Дядя развенчал мифологию съездов и демонстраций, от пролога до эпилога. Когда очередь дошла до А. М. Коллонтай, Вера обмерла — и не ошиблась в предчувствии. Подвиги А. М. носили однообразно развратный и подлый характер. И добродушное дядино: «а пила она, стерва, хорошо, в Стокгольме уходила в запои неделями, наши Берлин берут — а она ни тяти ни мамы», уже ничего не спасало. В тот вечер Вера испробовала с дядей эликсир Свободы, двух рюмок ей хватило, чтобы всю ночь шарахаться по квартире, подобно Татьяне Лариной, отправившей свое дивное письмо, и дядя исполнял роль Нянечки, советуя ей вложить два пальца в рот. С тех пор Вера убежденная трезвенница.

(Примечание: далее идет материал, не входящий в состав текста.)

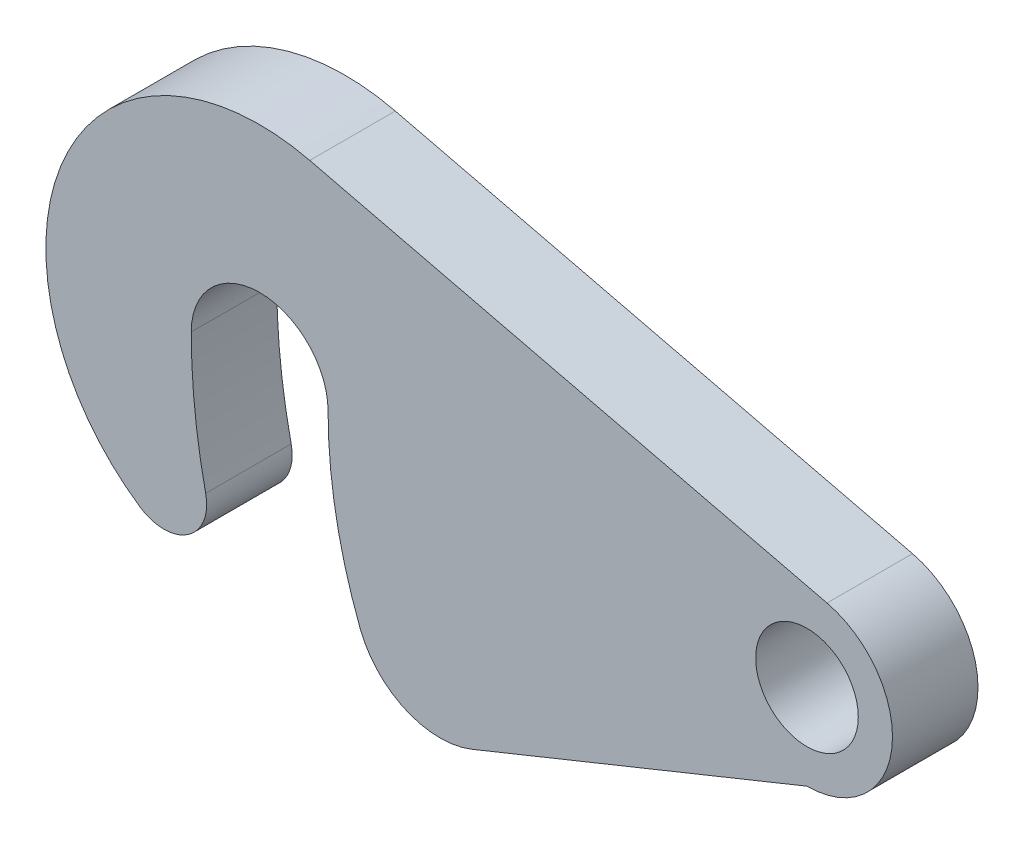
SolidWorks part; units mm, degrees
ref_plane "Front Plane" through (0, 0, 0) normal (0, 0, 1) x (1, 0, 0)
ref_plane "Top Plane" through (0, 0, 0) normal (0, 1, 0) x (1, 0, 0)
ref_plane "Right Plane" through (0, 0, 0) normal (1, 0, 0) x (0, 0, -1)
sketch "Sketch1" plane through (0, 0, 0) normal (0, 0, 1) x (1, 0, 0)
  line L0 (0, 92.9767) -> (0, -82.9498) construction
  line L1 (2.3438, 9.7215) -> (-58.1406, 24.3037)
  line L2 (0, 0) -> (-31.4559, 0) construction
  line L3 (0, -10) -> (-39.1604, -25.8431)
  circle A0 centre (0, 0) radius 6
  arc A1 (-56, 0) -> (-72, 0) centre (-64, 0) ccw
  arc A4 (-58.1406, 24.3037) -> (-77.9941, -20.7163) centre (-64, 0) ccw
  arc A5 (0, -10) -> (0, 10) centre (0, 0) ccw
  arc A6 (-56, 0) -> (-52.2392, -20.1758) centre (0, 0) ccw
  arc A7 (-72, 0) -> (-70.3125, -15.4968) centre (0, 0) ccw
  arc A8 (-70.3125, -15.4968) -> (-77.9941, -20.7163) centre (-75.1953, -16.573) cw
  arc A9 (-52.2392, -20.1758) -> (-39.1604, -25.8431) centre (-42.9108, -16.573) ccw
  point P18 (-39.5819, -25.218)
  point P20 (0, 0)
  point P21 (0, 0)
  dimension "D1" = 12
  dimension "D2" = 16
  dimension "D3" = 64
  dimension "D4" = 20
  dimension "D5" = 112
  dimension "D6" = 50
  dimension "D7" = 144
  dimension "D8" = 5
  dimension "D9" = 10
extrude "Boss-Extrude1" add sketch "Sketch1" along normal mid plane 10

Ночами они слушали «голоса». И тут свершились августовские события в Чехословакии. Они словно поставили всему окончательный диагноз. Мир залило тьмой, но Вера увидела свою звезду.

Но пока они, волнуясь и теряя осторожность, крутили ручки радиоприемника ВЭФ (западные волны неистово глушились) — проснулся Зеленый Кум. Он, собственно, подозревал, что ее отношения с Выродком дошли до опасной точки, люди молодые, если и родственники, а он по себе знал, что человек — скотина. Оказалось, хуже. Много, много хуже. Несколько ночей Кум стоял под дверью — и уж их-то комментарии он худо-бедно уяснил.

Два последующих дня Вера и дядя Сева холодели под его тяжелым взглядом. Он не говорил ни слова — сначала это казалось необычным, потом тревожным, потом страшным. Они притихли и не подходили к приемнику. А он молчал, сидел на диване и всухую, с треском ел печенье «Октябрь», засыпав крошками полкухни.